The problem with Bettina Arndt's take on men and marriage - Women's Agenda

The problem with Bettina Arndt’s take on men and marriage

I had a perfectly lovely weekend save for two things.

First, circumstances conspired on Saturday afternoon which led me to a busy grocery shop with my two young children without my parent-in-crime. What was I thinking? Thirty minutes in such conditions was enough to remind me why online grocery shopping is the only option when the alternative is being accompanied by a two-year old only too happy to voice her extreme displeasure, loudly, on account of being restrained in a trolley. A trolley with wheels so badly aligned that I kept knocking into my five year old daughter who was equally happy to voice her displeasure at the arrangement. All whilst intimately close to 5000 shoppers who share my suburb and, it would seem, my distaste for the noise being emitted by my daughters. Peaceful it certainly wasn’t.

The second less pleasing aspect of my weekend was stumbling upon an opinion piece written by Bettina Arndt. She was dismayed at the typical “anti-male” take the media had adopted in the annual Household, Income and Labour Dynamics in Australia survey. You know the one that highlighted how men are happier when their wives stay at home?

In her piece entitled “Australian men’s sacrifice on the altar of matrimony” Arndt talked about how the power balance in marriages has changed to the detriment of men. So willing, us women (and the odd male journalist like Greg Jericho) are apparently, to paint men as the bad guys that we complain when men shirk away from the housework. We complain at the discrepancy between hours of paid and unpaid work. Is there nothing we won’t stoop to?

Bettina included an extract from a Canadian blogger, girlwriteswhat, that she says is “the most powerful summing up of this changing deal”:

“From a woman’s perspective, marriage still provides significant benefits over single life — in fact, marriage as an enterprise has only improved for women since the 1950s. A woman now has the right to say no to sex with her husband. If he’s abusive, she has an entire public-sector industry itching to help her. If a woman decides she doesn’t want to be married to that jerk who doesn’t help with the dishes, has mommy issues and leaves his dirty socks lying all over the place, well, she doesn’t have to be. She won’t be stigmatised, she won’t be financially destroyed and she won’t lose her children.”

What kind of a woman has the right to turn down her husband for sex?

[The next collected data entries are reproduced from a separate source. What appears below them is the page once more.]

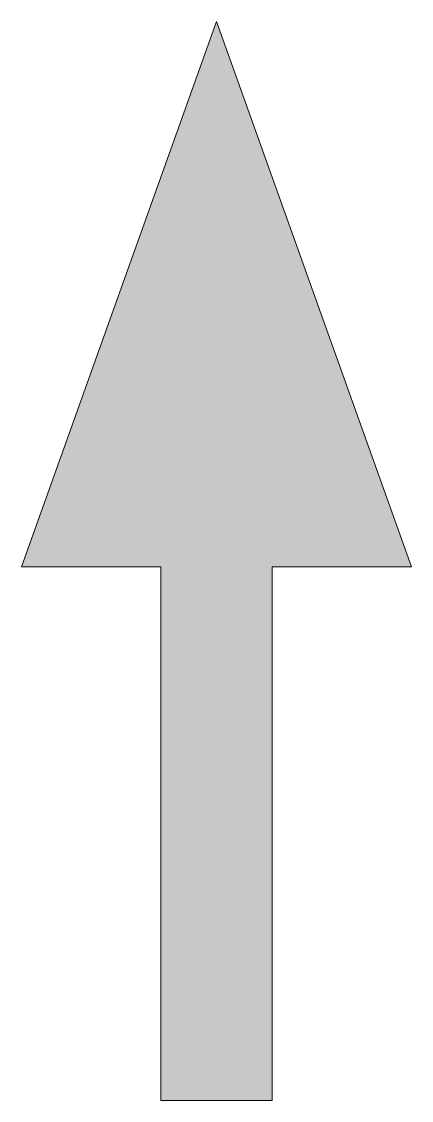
# Model space of a CAD drawing. Header units: centimetres. Extents: x 382474 to 805140, y 51501 to 135682.
# Drawn here: x 388111.7 to 388143.2, y 64890.6 to 64977.7 of the extents above; entities that cross this region are included whole.
import ezdxf

# ---------------------------------------------------------------- set-up
doc = ezdxf.new("R2010")
doc.units = ezdxf.units.CM
doc.layers.add('LVI_FLOOR BEDS - GENERAL', color=254, linetype='Continuous')
doc.layers.add('SPN-DIM', color=8, linetype='Continuous', lineweight=15)

msp = doc.modelspace()

# ---------------------------------------------------------------- hatches: boundary and pattern name
at = {"layer": 'LVI_FLOOR BEDS - GENERAL', "lineweight": -3, "transparency": 33554508}
h = msp.add_hatch(color=1, dxfattribs=at)
h.dxf.hatch_style = 1
h.paths.add_polyline_path([(388131.956, 64890.611), (388122.949, 64890.611), (388122.949, 64933.715), (388111.721, 64933.715), (388127.453, 64977.734), (388143.184, 64933.715), (388131.956, 64933.715)])
h = msp.add_hatch(color=1, dxfattribs=at)
h.dxf.hatch_style = 1
h.paths.add_polyline_path([(388131.956, 64890.611), (388122.949, 64890.611), (388122.949, 64933.715), (388111.721, 64933.715), (388127.453, 64977.734), (388143.184, 64933.715), (388131.956, 64933.715)])
h = msp.add_hatch(color=1, dxfattribs=at)
h.dxf.hatch_style = 1
h.paths.add_polyline_path([(388131.956, 64890.611), (388122.949, 64890.611), (388122.949, 64933.715), (388111.721, 64933.715), (388127.453, 64977.734), (388143.184, 64933.715), (388131.956, 64933.715)])
h = msp.add_hatch(color=1, dxfattribs=at)
h.dxf.hatch_style = 1
h.paths.add_polyline_path([(388131.956, 64890.611), (388122.949, 64890.611), (388122.949, 64933.715), (388111.721, 64933.715), (388127.453, 64977.734), (388143.184, 64933.715), (388131.956, 64933.715)])
h = msp.add_hatch(color=1, dxfattribs=at)
h.dxf.hatch_style = 1
h.paths.add_polyline_path([(388131.956, 64890.611), (388122.949, 64890.611), (388122.949, 64933.715), (388111.721, 64933.715), (388127.453, 64977.734), (388143.184, 64933.715), (388131.956, 64933.715)])
h = msp.add_hatch(color=1, dxfattribs=at)
h.dxf.hatch_style = 1
h.paths.add_polyline_path([(388131.956, 64890.611), (388122.949, 64890.611), (388122.949, 64933.715), (388111.721, 64933.715), (388127.453, 64977.734), (388143.184, 64933.715), (388131.956, 64933.715)])
h = msp.add_hatch(color=1, dxfattribs=at)
h.dxf.hatch_style = 1
h.paths.add_polyline_path([(388131.956, 64890.611), (388122.949, 64890.611), (388122.949, 64933.715), (388111.721, 64933.715), (388127.453, 64977.734), (388143.184, 64933.715), (388131.956, 64933.715)])
h = msp.add_hatch(color=1, dxfattribs=at)
h.dxf.hatch_style = 1
h.paths.add_polyline_path([(388131.956, 64890.611), (388122.949, 64890.611), (388122.949, 64933.715), (388111.721, 64933.715), (388127.453, 64977.734), (388143.184, 64933.715), (388131.956, 64933.715)])
h = msp.add_hatch(color=1, dxfattribs=at)
h.dxf.hatch_style = 1
h.paths.add_polyline_path([(388131.956, 64890.611), (388122.949, 64890.611), (388122.949, 64933.715), (388111.721, 64933.715), (388127.453, 64977.734), (388143.184, 64933.715), (388131.956, 64933.715)])
h = msp.add_hatch(color=1, dxfattribs=at)
h.dxf.hatch_style = 1
h.paths.add_polyline_path([(388131.956, 64890.611), (388122.949, 64890.611), (388122.949, 64933.715), (388111.721, 64933.715), (388127.453, 64977.734), (388143.184, 64933.715), (388131.956, 64933.715)])
h = msp.add_hatch(color=1, dxfattribs=at)
h.dxf.hatch_style = 1
h.paths.add_polyline_path([(388131.956, 64890.611), (388122.949, 64890.611), (388122.949, 64933.715), (388111.721, 64933.715), (388127.453, 64977.734), (388143.184, 64933.715), (388131.956, 64933.715)])
h = msp.add_hatch(color=1, dxfattribs=at)
h.dxf.hatch_style = 1
h.paths.add_polyline_path([(388131.956, 64890.611), (388122.949, 64890.611), (388122.949, 64933.715), (388111.721, 64933.715), (388127.453, 64977.734), (388143.184, 64933.715), (388131.956, 64933.715)])
h = msp.add_hatch(color=1, dxfattribs=at)
h.dxf.hatch_style = 1
h.paths.add_polyline_path([(388131.956, 64890.611), (388122.949, 64890.611), (388122.949, 64933.715), (388111.721, 64933.715), (388127.453, 64977.734), (388143.184, 64933.715), (388131.956, 64933.715)])
h = msp.add_hatch(color=1, dxfattribs=at)
h.dxf.hatch_style = 1
h.paths.add_polyline_path([(388131.956, 64890.611), (388122.949, 64890.611), (388122.949, 64933.715), (388111.721, 64933.715), (388127.453, 64977.734), (388143.184, 64933.715), (388131.956, 64933.715)])
h = msp.add_hatch(color=1, dxfattribs=at)
h.dxf.hatch_style = 1
h.paths.add_polyline_path([(388131.956, 64890.611), (388122.949, 64890.611), (388122.949, 64933.715), (388111.721, 64933.715), (388127.453, 64977.734), (388143.184, 64933.715), (388131.956, 64933.715)])
h = msp.add_hatch(color=1, dxfattribs=at)
h.dxf.hatch_style = 1
h.paths.add_polyline_path([(388131.956, 64890.611), (388122.949, 64890.611), (388122.949, 64933.715), (388111.721, 64933.715), (388127.453, 64977.734), (388143.184, 64933.715), (388131.956, 64933.715)])
h = msp.add_hatch(color=1, dxfattribs=at)
h.dxf.hatch_style = 1
h.paths.add_polyline_path([(388131.956, 64890.611), (388122.949, 64890.611), (388122.949, 64933.715), (388111.721, 64933.715), (388127.453, 64977.734), (388143.184, 64933.715), (388131.956, 64933.715)])
h = msp.add_hatch(color=1, dxfattribs=at)
h.dxf.hatch_style = 1
h.paths.add_polyline_path([(388131.956, 64890.611), (388122.949, 64890.611), (388122.949, 64933.715), (388111.721, 64933.715), (388127.453, 64977.734), (388143.184, 64933.715), (388131.956, 64933.715)])
h = msp.add_hatch(color=1, dxfattribs=at)
h.dxf.hatch_style = 1
h.paths.add_polyline_path([(388131.956, 64890.611), (388122.949, 64890.611), (388122.949, 64933.715), (388111.721, 64933.715), (388127.453, 64977.734), (388143.184, 64933.715), (388131.956, 64933.715)])
h = msp.add_hatch(color=1, dxfattribs=at)
h.dxf.hatch_style = 1
h.paths.add_polyline_path([(388131.956, 64890.611), (388122.949, 64890.611), (388122.949, 64933.715), (388111.721, 64933.715), (388127.453, 64977.734), (388143.184, 64933.715), (388131.956, 64933.715)])
h = msp.add_hatch(color=1, dxfattribs=at)
h.dxf.hatch_style = 1
h.paths.add_polyline_path([(388131.956, 64890.611), (388122.949, 64890.611), (388122.949, 64933.715), (388111.721, 64933.715), (388127.453, 64977.734), (388143.184, 64933.715), (388131.956, 64933.715)])
h = msp.add_hatch(color=1, dxfattribs=at)
h.dxf.hatch_style = 1
h.paths.add_polyline_path([(388131.956, 64890.611), (388122.949, 64890.611), (388122.949, 64933.715), (388111.721, 64933.715), (388127.453, 64977.734), (388143.184, 64933.715), (388131.956, 64933.715)])
h = msp.add_hatch(color=1, dxfattribs=at)
h.dxf.hatch_style = 1
h.paths.add_polyline_path([(388131.956, 64890.611), (388122.949, 64890.611), (388122.949, 64933.715), (388111.721, 64933.715), (388127.453, 64977.734), (388143.184, 64933.715), (388131.956, 64933.715)])
h = msp.add_hatch(color=1, dxfattribs=at)
h.dxf.hatch_style = 1
h.paths.add_polyline_path([(388131.956, 64890.611), (388122.949, 64890.611), (388122.949, 64933.715), (388111.721, 64933.715), (388127.453, 64977.734), (388143.184, 64933.715), (388131.956, 64933.715)])
h = msp.add_hatch(color=1, dxfattribs=at)
h.dxf.hatch_style = 1
h.paths.add_polyline_path([(388131.956, 64890.611), (388122.949, 64890.611), (388122.949, 64933.715), (388111.721, 64933.715), (388127.453, 64977.734), (388143.184, 64933.715), (388131.956, 64933.715)])
h = msp.add_hatch(color=1, dxfattribs=at)
h.dxf.hatch_style = 1
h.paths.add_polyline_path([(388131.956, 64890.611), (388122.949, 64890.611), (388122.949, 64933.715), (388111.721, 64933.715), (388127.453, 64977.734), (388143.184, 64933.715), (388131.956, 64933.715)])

What kind of woman, in the face of abuse, would turn to “an entire public-sector industry itching to help her”?

What kind of woman would dare ask her husband to help with the dishes? Or leave a marriage that isn’t fulfilling her?

An empowered woman. A woman who is empowered to believe that her life is her own to live on terms that suit her. Not terms dictated by anyone or anything else.

In her rebuttal of the reaction to news that men are happier when their wives stay at home Bettina Arndt pointed to research that lots of women want to be home looking after their children.  That is a perfectly legitimate choice and in some cases it’s absolutely true.

There is, however, a vast chasm between a woman choosing to stay home to care for her children because it is what she wants and a woman forced to stay home to care for her children. Whether it’s because that’s what her partner wants. Or because the cost of childcare is too high. Or because she can’t get any childcare. Or because her work is inflexible. Or because she was made redundant whilst on maternity leave.
There are a number of reasons why women stay home to care for their children but it’s not always free will.

It is obviously tempting to dismiss complaints from men or women wanting more autonomy about their work – paid and unpaid – as an inevitable symptom of disliking men. Tempting though it might be, true it certainly isn’t. As I’ve said before, liking men and disliking inequality between the sexes are not mutually exclusive. It seems tiresome to even have to say it’s is possible to love and care about men whilst disliking inequality in equal measure.

The primary message in Arndt’s piece, to me, was that if women weren’t so bloody demanding, men would be a lot happier. If men are happiest when their partner submits to a 1950s style arrangement, isn’t that the great problem that needs to be examined? Or is it simply easier to blame women?